12 You will search for men who struggle with you, but you will not find them;
The men at war with you will become as something nonexistent, as nothing at all.
13 For I, Jehovah your God, am grasping your right hand, The One saying to you, ‘Do not be afraid. I will help you.’
League 11 app, a dream sport is a kind of game, regularly played utilizing the Internet, where members collect nonexistent or virtual groups made out of intermediaries of genuine players of a pro game. These groups contend in light of the measurable presentation of those players in genuine games. This presentation is changed over into focuses that are incorporated and added up to as per a list chose by each group proprietor. The best model in India is Fantasy league for IPL.
My 11 is considered as a “Talent based contest.” The round of abilities can be characterized as a game wherein the abilities of the people partaking in any internet-based dream sports gaming, for example, ipl dream association and assume a predominant part as opposed to the simple karma of the people. The people in round of abilities utilize their insight, abilities, preparing and consideration for support and winning.
Team 11 app ,Online dream sports gaming is viewed as a legitimate practice all over the planet with specific states being an exemption. Online dream sports gaming is completely founded on the idea of Game of Skills, wherein the clients structure their own groups and are designated focuses based on-field execution of their picked players.
MyMaster11 is totally legitimate as it offers administrations, Fun Features, Programs and Contests connected with dream cricket (IPL fantasy league), dream football, dream kabaddi, dream volleyball, dream ball and dream hockey. The administrations, challenges and projects connected with online dream sports gaming presented by MyMaster11 empowers its clients to make their own group earlier the match starts and afterward the groups are granted focuses based on the genuine execution of the players picked by the clients in the group.
Though personalized art appeared during World War I, and occasionally grew to incorporate the entire aircraft, most pilots carried a saying or a slogan, or a family crest, or squadron symbol. Some were named, but nose art was not common. During World War II, nose art not only saw its true beginnings, but its heyday.
No one knows exactly who started nose art first--it appeared with both the British and the Germans around the first time, with RAF pilots painting Hitler being kicked or skulls and crossbones on their aircraft, while German nose art was usually a personal symbol, named for a girlfriend or adopting a mascot (such as Adolf Galland using Mickey Mouse, something Walt Disney likely didn't approve of). It would be with the Americans, and a lesser extent the Canadians, that nose art truly became common--and started including its most famous forms, which was usually half-naked or completely naked women. This was not always true, but it often was.
The quality of nose art depended on the squadron or wing artist. Some of it was rather crude, while others were equal to the finest pinup artists in the United States, such as Alberto Vargas. For men thousands of miles away from home and lonely, a curvaceous blonde on a B-17 or a P-51 made that loneliness a bit easier. Others thought naked women were a little crude, and just limited themselves to names, or depicted animals, cartoon characters, or patriotic emblems, or caricatures of the Axis dictators they were fighting.

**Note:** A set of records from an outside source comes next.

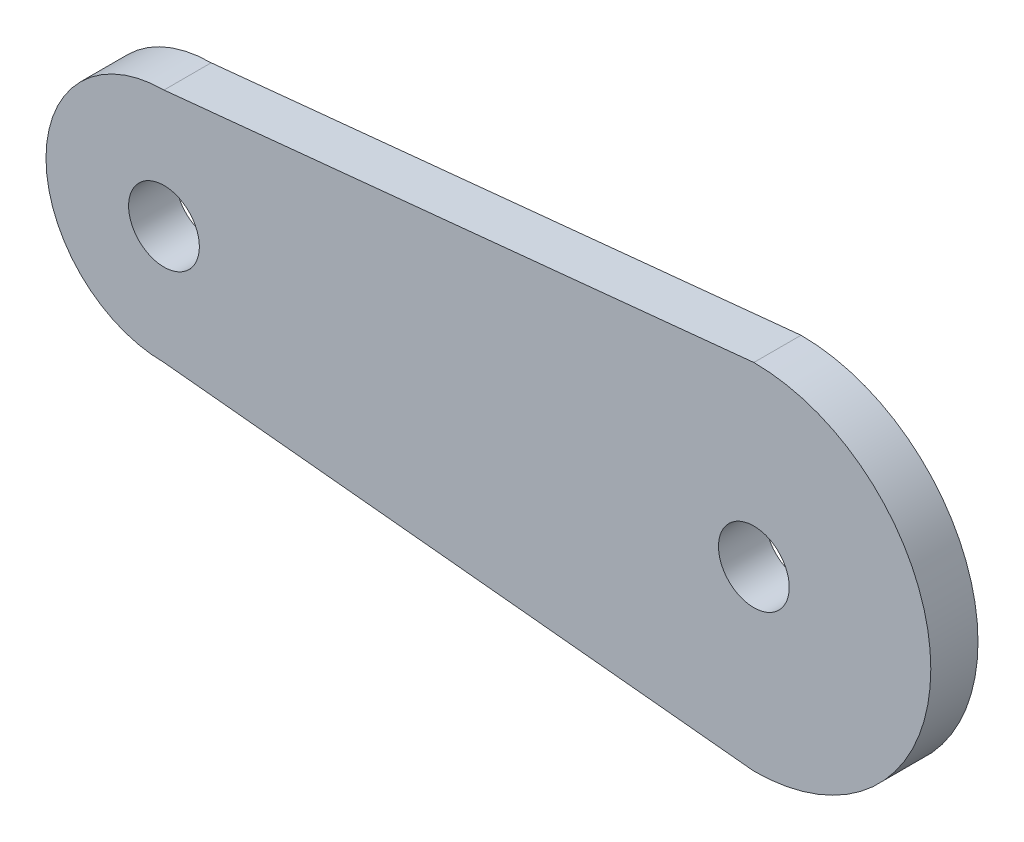
SolidWorks part; units mm, degrees
ref_plane "Front Plane" through (0, 0, 0) normal (0, 0, 1) x (1, 0, 0)
ref_plane "Top Plane" through (0, 0, 0) normal (0, 1, 0) x (1, 0, 0)
ref_plane "Right Plane" through (0, 0, 0) normal (1, 0, 0) x (0, 0, -1)
sketch "Sketch1" plane through (0, 0, 0) normal (0, 0, 1) x (1, 0, 0)
  line L0 (0, 0) -> (25, 2.5)
  line L1 (0, -10) -> (25, -12.5)
  line L2 (0, 0) -> (0, -10)
  line L3 (25, 2.5) -> (25, -12.5)
  line L4 (0, -5) -> (25, -5)
  arc A0 (0, 0) -> (0, -10) centre (0, -5) ccw
  arc A1 (25, 2.5) -> (25, -12.5) centre (25, -5) cw
  circle A2 centre (0, -5) radius 1.5
  circle A3 centre (25, -5) radius 1.5
  dimension "D2" = 15
  dimension "D1" = 25
  dimension "D3" = 10
extrude "Boss-Extrude1" add sketch "Sketch1" along normal blind 2 contours A3 L3 L0 L2 A2 L4 | A3 L4 A2 L2 L1 L3 | A3 L3 A1 | A2 L2 A0
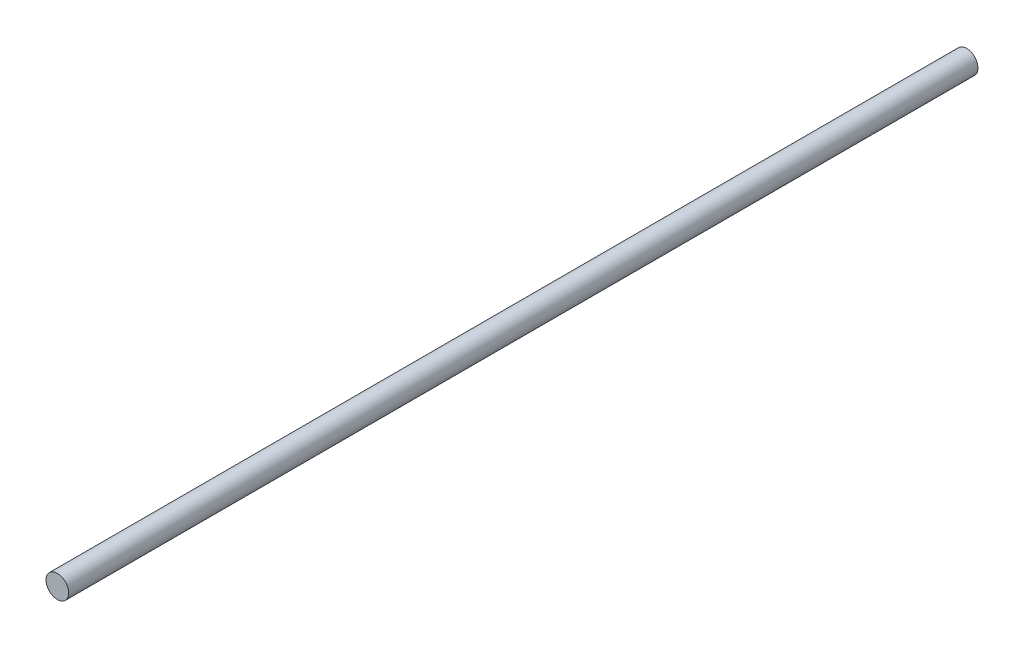
SolidWorks part; units mm, degrees
ref_plane "Front Plane" through (0, 0, 0) normal (0, 0, 1) x (1, 0, 0)
ref_plane "Top Plane" through (0, 0, 0) normal (0, 1, 0) x (1, 0, 0)
ref_plane "Right Plane" through (0, 0, 0) normal (1, 0, 0) x (0, 0, -1)
sketch "Sketch1" plane through (0, 0, 0) normal (0, 0, 1) x (1, 0, 0)
  circle A0 centre (0, 0) radius 2.5
  dimension "D1" = 5
extrude "Boss-Extrude1" add sketch "Sketch1" along normal blind 200
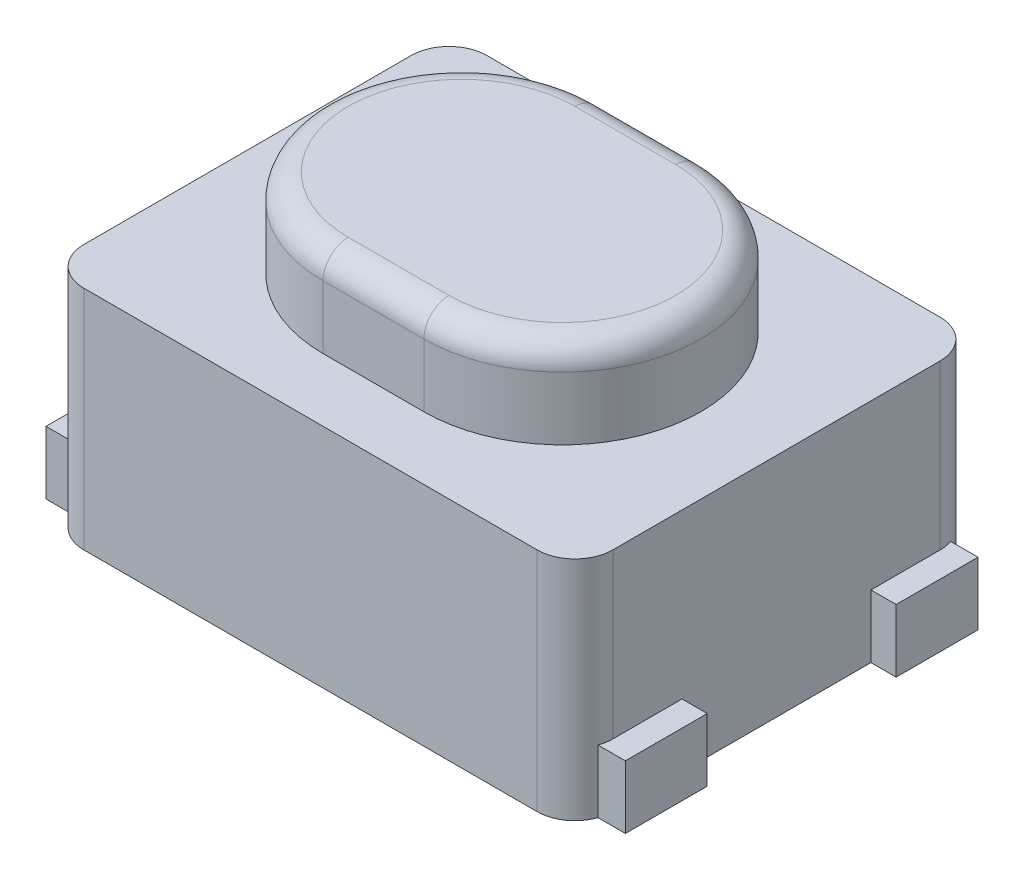
SolidWorks part; units mm, degrees
ref_plane "Front Plane" through (0, 0, 0) normal (0, 0, 1) x (1, 0, 0)
ref_plane "Top Plane" through (0, 0, 0) normal (0, 1, 0) x (1, 0, 0)
ref_plane "Right Plane" through (0, 0, 0) normal (1, 0, 0) x (0, 0, -1)
sketch "Sketch1" plane through (0, 0, 0) normal (0, 1, 0) x (1, 0, 0)
  line L1 (-1.8, 1.6) -> (1.8, 1.6)
  line L2 (-2.1, 1.3) -> (-2.1, -1.3)
  line L3 (-1.8, -1.6) -> (1.8, -1.6)
  line L4 (2.1, 1.3) -> (2.1, -1.3)
  arc A0 (-2.1, -1.3) -> (-1.8, -1.6) centre (-1.8, -1.3) ccw
  arc A1 (1.8, -1.6) -> (2.1, -1.3) centre (1.8, -1.3) ccw
  arc A2 (1.8, 1.6) -> (2.1, 1.3) centre (1.8, 1.3) cw
  arc A3 (-1.8, 1.6) -> (-2.1, 1.3) centre (-1.8, 1.3) ccw
  point P4 (0, 1.6)
  point P5 (2.1, 0)
  point P14 (-2.1, -1.6)
  point P19 (2.1, 1.6)
  point P22 (-2.1, 1.6)
  dimension "D3" = 0.3
  dimension "D1" = 4.2
  dimension "D2" = 3.2
extrude "Boss-Extrude1" add sketch "Sketch1" along normal blind 1.8
sketch "Sketch2" plane through (0, 0, 0) normal (0, 1, 0) x (1, 0, 0)
  line L0 (-0.4, 0) -> (0.4, 0) construction
  line L1 (-0.4, 1.1) -> (0.4, 1.1)
  line L2 (-0.4, -1.1) -> (0.4, -1.1)
  arc A0 (-0.4, 1.1) -> (-0.4, -1.1) centre (-0.4, 0) ccw
  arc A1 (0.4, -1.1) -> (0.4, 1.1) centre (0.4, 0) ccw
  point P3 (0, 0)
  dimension "D2" = 3
  dimension "D1" = 2.2
extrude "Boss-Extrude2" add sketch "Sketch2" along normal blind 2.5
fillet "Fillet1" radius 0.2 4 edges at (0, 2.5, -1.1) (1.5, 2.5, 0) (0, 2.5, 1.1) (-1.5, 2.5, 0)
sketch "Sketch3" plane through (0, 0, 0) normal (0, 1, 0) x (1, 0, 0)
  line L0 (1.925, 0.75) -> (1.925, -0.75) construction
  line L1 (2.3, 0.75) -> (1.55, 0.75)
  line L2 (2.3, 0.75) -> (2.3, 1.4)
  line L3 (2.3, 1.4) -> (1.55, 1.4)
  line L4 (1.55, 0.75) -> (1.55, 1.4)
  line L5 (2.3, -0.75) -> (1.55, -0.75)
  line L6 (2.3, -0.75) -> (2.3, -1.4)
  line L7 (2.3, -1.4) -> (1.55, -1.4)
  line L8 (1.55, -0.75) -> (1.55, -1.4)
  line L9 (0, 1.8353) -> (0, -1.8462) construction
  point P11 (1.925, 0)
  dimension "D1" = 1.5
  dimension "D2" = 2.8
  dimension "D3" = 4.6
  dimension "D4" = 3.1
extrude "Boss-Extrude3" add sketch "Sketch3" along normal blind 0.5
mirror "Mirror1" about plane through (0, 0, 0) normal (1, 0, 0) of "Boss-Extrude3"

Generally speaking, there was little censorship, with squadron and group commanders rarely intervening on names or pictures; the pilots themselves practiced self-censorship, with profanity almost unknown, and full-frontal nudity nearly nonexistent. After the loss of a B-17 named "Murder Inc.," which the Germans captured and used to make propaganda, the 8th Air Force, at least, set up a nose art committee that reviewed the nose art of aircraft--but even it rarely wielded its veto. For the most part, nose art was limited only by the crew's imagination and the artist's ability. The British tended to stay away from the lurid nudes of the Americans, though the Canadians adopted them as well. (The Axis also did not use nose art in this fashion, and neither did the Soviets, who usually confined themselves to patriotic slogans on their aircraft, such as "For Stalin!" or "In the Spirit of the Motherland!")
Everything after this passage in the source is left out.